Outras funcionalidades menos visíveis são as de âmbito social e económico. No contexto sócio-cultural, contam-se as funções recreativas e educativas, como a melhoria da qualidade cénica da paisagem, fornecendo um gradiente cromático e textural esteticamente aprazível, e a oferta de áreas de lazer, de turismo de natureza e de educação ambiental (percursos pedestres, visitas temáticas).
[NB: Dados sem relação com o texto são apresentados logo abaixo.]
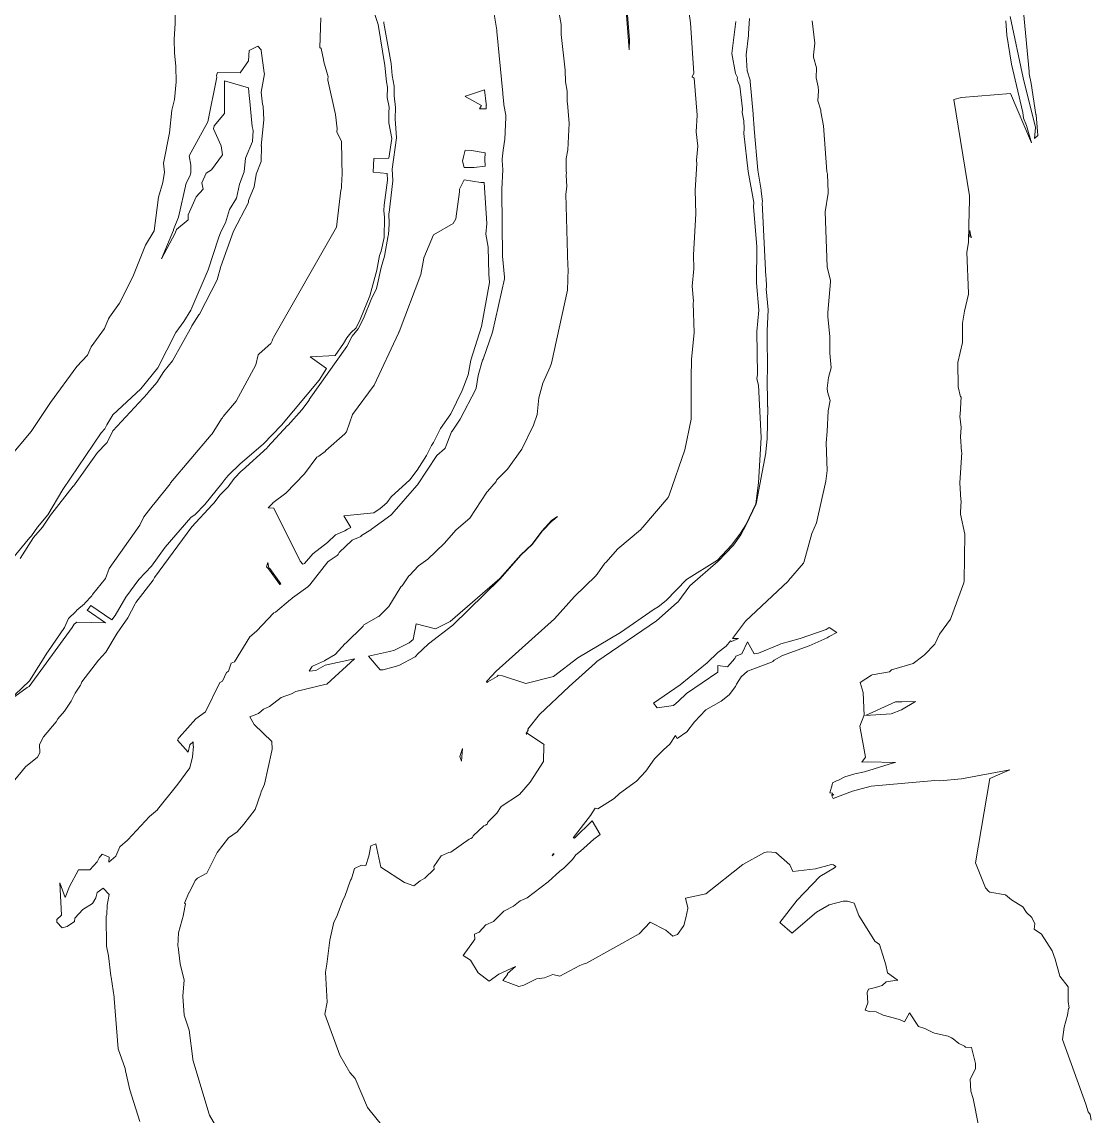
# Model space of a CAD drawing. Header units: metres. Extents: x 808187 to 810032, y 9155685 to 9157080.
# Drawn here: x 808915.4 to 809128.8, y 9155981.8 to 9156200.4 of the extents above; entities that cross this region are included whole.
import ezdxf

# ---------------------------------------------------------------- set-up
doc = ezdxf.new("R2010")
doc.units = ezdxf.units.M
doc.layers.add('C-TOPO-MAJR', color=9, linetype='Continuous')

msp = doc.modelspace()

# ---------------------------------------------------------------- linework, layer by layer
at = {"layer": 'C-TOPO-MAJR', "color": 9, "linetype": 'Continuous', "lineweight": 5}
for points, elevation in [([(809035.93, 9156203.41), (809036.56, 9156194.76), (809036.63, 9156196.8), (809036.1, 9156203.46), (809034.67, 9156206.42), (809033.62, 9156211.91), (809033.31, 9156215.26), (809033.18, 9156215.64), (809032.9, 9156215.18), (809033.23, 9156211.47), (809034.66, 9156206.42), (809035.93, 9156203.41)], 2770), ([(809003.94, 9156185.55), (809003.86, 9156185.49), (809003.87, 9156185.46), (809007.11, 9156183.64), (809006.7, 9156183.01), (809008.01, 9156182.98), (809008.06, 9156183.75), (809008.08, 9156183.82), (809008.07, 9156183.91), (809008.07, 9156184), (809007.73, 9156186.79), (809003.94, 9156185.55)], 2780), ([(809003.49, 9156173.42), (809003.3, 9156172.57), (809003.68, 9156171.3), (809005.67, 9156171.29), (809007.83, 9156171.53), (809007.78, 9156172.98), (809007.85, 9156174.19), (809005.11, 9156174.71), (809003.84, 9156174.72), (809003.49, 9156173.42)], 2780), ([(808971.76, 9156110.1), (808968.04, 9156106.27), (808965.46, 9156104.29), (808965.45, 9156104.28), (808965.45, 9156104.28), (808964.52, 9156103.29), (808965.67, 9156103.23), (808970.88, 9156092.68), (808971.47, 9156092.06), (808971.79, 9156092.21), (808973.47, 9156094.12), (808976.38, 9156096.38), (808977.98, 9156097.92), (808979.83, 9156098.71), (808980.34, 9156099.05), (808981.03, 9156099.42), (808979.62, 9156101.74), (808985.63, 9156102.32), (808986.85, 9156103.2), (808988.22, 9156104.35), (808989.11, 9156105.51), (808992.77, 9156108.91), (808994.25, 9156110.84), (808996.1, 9156113.78), (808997.11, 9156115.74), (808997.55, 9156116.38), (808998.94, 9156119.14), (809001.02, 9156122.11), (809003.26, 9156126.77), (809004.45, 9156129.87), (809004.96, 9156132.82), (809007.1, 9156139.55), (809008.73, 9156148.29), (809008.57, 9156149.97), (809008.42, 9156155.35), (809007.99, 9156157.96), (809008.16, 9156160.1), (809007.67, 9156168.29), (809006.97, 9156168.3), (809003.66, 9156168.81), (809002.69, 9156166.97), (809002.72, 9156166.41), (809001.98, 9156161.04), (809001.48, 9156160.1), (808997.51, 9156157.81), (808997.51, 9156157.81), (808995.61, 9156153.22), (808995.61, 9156153.21), (808995.61, 9156153.2), (808994.99, 9156149.92), (808990.65, 9156138.47), (808990.62, 9156138.42), (808990.57, 9156138.3), (808990.54, 9156138.24), (808990.51, 9156138.2), (808985.7, 9156127.81), (808981.39, 9156121.95), (808980.16, 9156118.53), (808979.85, 9156118.1), (808976.06, 9156114.77), (808975.88, 9156114.56), (808974.62, 9156113.63), (808974.36, 9156113.54), (808974.27, 9156113.45), (808971.76, 9156110.1)], 2780), ([(809104.61, 9156157.45), (809104.93, 9156157.3), (809104.72, 9156157.83), (809104.58, 9156158.7), (809104.61, 9156157.45)], 2740), ([(808988.76, 9156074.6), (808984.52, 9156073.67), (808986.91, 9156070.99), (808987.51, 9156071), (808990.6, 9156071.81), (808993.9, 9156073.58), (808994.06, 9156073.78), (808994.12, 9156073.84), (808994.19, 9156073.98), (808996.54, 9156076.17), (809001.37, 9156079.88), (809001.41, 9156079.92), (809010.86, 9156089.15), (809014.96, 9156093.88), (809017.32, 9156096.04), (809019.22, 9156098.69), (809021.24, 9156100.74), (809021.25, 9156100.74), (809022.27, 9156101.59), (809021.34, 9156100.98), (809021.13, 9156100.83), (809019.16, 9156098.69), (809017.24, 9156096.09), (809014.95, 9156093.93), (809010.74, 9156089.19), (809000.85, 9156080.65), (808997.91, 9156079.17), (808994.06, 9156080.16), (808993.48, 9156077), (808992.64, 9156076.37), (808989.72, 9156074.89), (808988.76, 9156074.6)], 2770), ([(808964.45, 9156092.38), (808964.2, 9156091.51), (808964.5, 9156091.23), (808964.57, 9156091.15), (808966.87, 9156087.99), (808966.98, 9156088.05), (808967.06, 9156088.13), (808964.84, 9156091.18), (808964.67, 9156091.34), (808964.45, 9156092.38)], 2780), ([(809083.75, 9156061.85), (809088.91, 9156062.17), (809090.93, 9156062.96), (809093.77, 9156064.66), (809090.98, 9156064.6), (809089.73, 9156064.59), (809083.75, 9156061.85)], 2740), ([(809003.31, 9156055.24), (809002.76, 9156053.68), (809003.12, 9156052.75), (809003.31, 9156055.24)], 2760), ([(809021.54, 9156034.18), (809021.53, 9156034.27), (809021.37, 9156034.17), (809021.2, 9156033.85), (809021.51, 9156034.06), (809021.54, 9156034.18)], 2750)]:
    msp.add_lwpolyline(points, close=True, dxfattribs=dict(at, elevation=elevation))
for points, elevation in [([(809057.88, 9156200.44), (809057.05, 9156194.08), (809057.82, 9156190.09), (809058.19, 9156189.24), (809058.15, 9156188.88), (809058.66, 9156187.5), (809059.18, 9156182.99), (809059.16, 9156182.3), (809059.47, 9156180.64), (809059.51, 9156179.11), (809059.46, 9156178.06), (809060.34, 9156170.49), (809061.44, 9156164.29), (809061.43, 9156163.43), (809062.1, 9156155.52), (809062.02, 9156148.24), (809062.5, 9156142.82), (809062.07, 9156138.55), (809062.17, 9156129.94), (809062.05, 9156129.06), (809062.39, 9156127.84), (809062.96, 9156117.4), (809062.42, 9156108.34), (809061.85, 9156104.11), (809059.9, 9156099.94), (809058.68, 9156098.08), (809057.02, 9156095.84), (809054.22, 9156092.85), (809048.02, 9156089), (809044, 9156084.82), (809042.38, 9156083.53), (809041.57, 9156083.08), (809034.86, 9156078.4), (809026.34, 9156073.36), (809021.45, 9156069.62), (809015.95, 9156068.24), (809011.33, 9156069.8), (809010.41, 9156069.9), (809010.22, 9156069.65), (809008.34, 9156068.59), (809008.25, 9156068.47), (809008.08, 9156068.65), (809008.26, 9156068.79), (809010.01, 9156070.7), (809010.03, 9156070.71), (809021.68, 9156081.13), (809025.66, 9156085.62), (809029.94, 9156089.74), (809030.06, 9156089.91), (809030.19, 9156090.05), (809031.75, 9156092.24), (809031.94, 9156092.39), (809034.35, 9156095.11), (809038.87, 9156098.96), (809039.34, 9156099.44), (809044.4, 9156105.41), (809044.59, 9156105.85), (809047.69, 9156114.89), (809048.96, 9156121.04), (809048.98, 9156128.83), (809048.94, 9156129.28), (809049, 9156132.94), (809049.56, 9156138.37), (809049.39, 9156144.19), (809049.42, 9156144.61), (809049.17, 9156147.6), (809049.49, 9156151.02), (809049.42, 9156153.85), (809049.91, 9156162.06), (809049.77, 9156166.78), (809050.06, 9156171.99), (809050.04, 9156172.73), (809050.3, 9156175.55), (809049.98, 9156178.41), (809050.13, 9156181.71), (809049.53, 9156189.16), (809049.14, 9156189.42), (809049.47, 9156190.13), (809048.86, 9156200.18), (809047.28, 9156210.7)], 2760), ([(808984.81, 9156204.87), (808986.49, 9156199.86), (808987.81, 9156191.67), (808988.14, 9156188.39), (808988.33, 9156187.31), (808988.27, 9156185.3), (808988.7, 9156183.31), (808988.62, 9156182.18), (808988.64, 9156180.18), (808989.24, 9156177.05), (808988.62, 9156173.13), (808985.62, 9156173.08), (808985.48, 9156170.35), (808988.3, 9156170.12), (808988.35, 9156168.73), (808987.66, 9156163.77), (808987.6, 9156162.7), (808987.75, 9156161.32), (808987.69, 9156157.33), (808987.05, 9156154.56), (808986.75, 9156153.72), (808986.22, 9156150.8), (808984.8, 9156145.68), (808982.92, 9156140.94), (808982.11, 9156139.29), (808981.01, 9156138.26), (808980.22, 9156137.25), (808979.57, 9156136.13), (808977.88, 9156133.74), (808972.94, 9156133.47), (808976.15, 9156131.15), (808974.72, 9156128.84), (808967.18, 9156119.8), (808963.54, 9156116.01), (808958.92, 9156112.13), (808956.53, 9156109.78), (808955.89, 9156109), (808955.25, 9156108.21), (808951.88, 9156104.01), (808949.94, 9156102.02), (808949.1, 9156101.38), (808943.97, 9156095.47), (808941.26, 9156091.7), (808938.71, 9156089.01), (808936.1, 9156085.5), (808933.97, 9156081.79), (808933.3, 9156080.98), (808929.16, 9156083.8), (808928.55, 9156083.02), (808928.38, 9156082.9), (808932.06, 9156080.33), (808926.35, 9156080.48), (808925.77, 9156080.09), (808925.41, 9156079.41), (808916.81, 9156067.67), (808916.41, 9156067.47), (808912.49, 9156064.55), (808916.88, 9156068.8), (808920.51, 9156074.48), (808920.54, 9156074.54), (808923.87, 9156079.45), (808924.64, 9156081.24), (808926.16, 9156082.64), (808926.34, 9156082.88), (808927.86, 9156084.14), (808927.93, 9156084.25), (808929.31, 9156085.78), (808929.45, 9156086), (808932.06, 9156089.19), (808932.77, 9156091.22), (808938.93, 9156099.83), (808939.72, 9156101.52), (808941.57, 9156103.92), (808941.73, 9156104.08), (808944.96, 9156108.11), (808945.06, 9156108.33), (808953.15, 9156117.9), (808953.34, 9156118.08), (808955.22, 9156121.11), (808955.4, 9156121.32), (808955.54, 9156121.54), (808958.13, 9156124.61), (808962.05, 9156131.9), (808962.54, 9156133.86), (808962.7, 9156134.1), (808965.05, 9156136.16), (808965.25, 9156136.55), (808965.3, 9156136.7), (808965.43, 9156137.04), (808965.57, 9156137.37), (808978.19, 9156159.37), (808979.06, 9156166.78), (808979.12, 9156166.94), (808979.15, 9156167.09), (808979.26, 9156169.35), (808979.31, 9156169.49), (808979.19, 9156176.45), (808978.22, 9156178.43), (808978.29, 9156179.01), (808977.94, 9156181.9), (808976.44, 9156188.75), (808976.41, 9156189), (808976.48, 9156189.38), (808975.65, 9156192.38), (808975.58, 9156192.86), (808975.08, 9156195.06), (808974.87, 9156195.27), (808975.03, 9156201.15)], 2790), ([(808912.78, 9156113.22), (808917.22, 9156118.56), (808921.07, 9156124.35), (808926.36, 9156131.56), (808928.47, 9156133.8), (808929.2, 9156135.49), (808931.85, 9156139.16), (808932.67, 9156141.07), (808932.87, 9156141.42), (808934.87, 9156144.18), (808937.54, 9156149.48), (808940.01, 9156155.76), (808941.76, 9156158.62), (808942.63, 9156165.38), (808943.47, 9156168.32), (808943.8, 9156170.34), (808943.65, 9156172.15), (808944.8, 9156178.24), (808945.28, 9156182.71), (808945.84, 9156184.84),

O valor económico das galerias estende-se para além do uso da madeira, estando referenciadas uma multiplicidade de usos. Nas espécies lenhosas, para além do uso da madeira, algumas espécies são melíferas como o ulmeiro e o pilriteiro, outras têm folhagem com bom aproveitamento para forragem como o freixo e ulmeiro, ou podem ser usadas em doçaria, como é o caso do uso dos frutos de sabugueiro, no fabrico de bebidas alcoólicas (pilriteiro), medicamentos (e.g. choupo-negro, sabugueiro, tamujo, salgueiros) e até em tinturaria (tamujo, loendro). Mais conhecido é o uso dos ramos de alguns salgueiros (Salix sp.), do choupo-negro e do sanguinho-de-água em cestaria. São também numerosos os exemplos de utilizações económicas das espécies ribeirinhas herbáceas, sobretudo a nível cosmético (e.g. erva-sabão, Saponaria officinalis), medicinal (e.g. hipericão, Hypericum sp.), na alimentação (e.g. poejo, Mentha pulegium) ou como melíferas (e.g. verbena, Verbena officinalis). Em oposição, um valor que se rege por ópticas não economicistas é o puramente eco-cêntrico ou eco-altruísta, encarando estes sistemas pelo seu valor ecológico único, numa perspectiva conservacionista, visando a protecção de espécies, da biodiversidade e de habitats.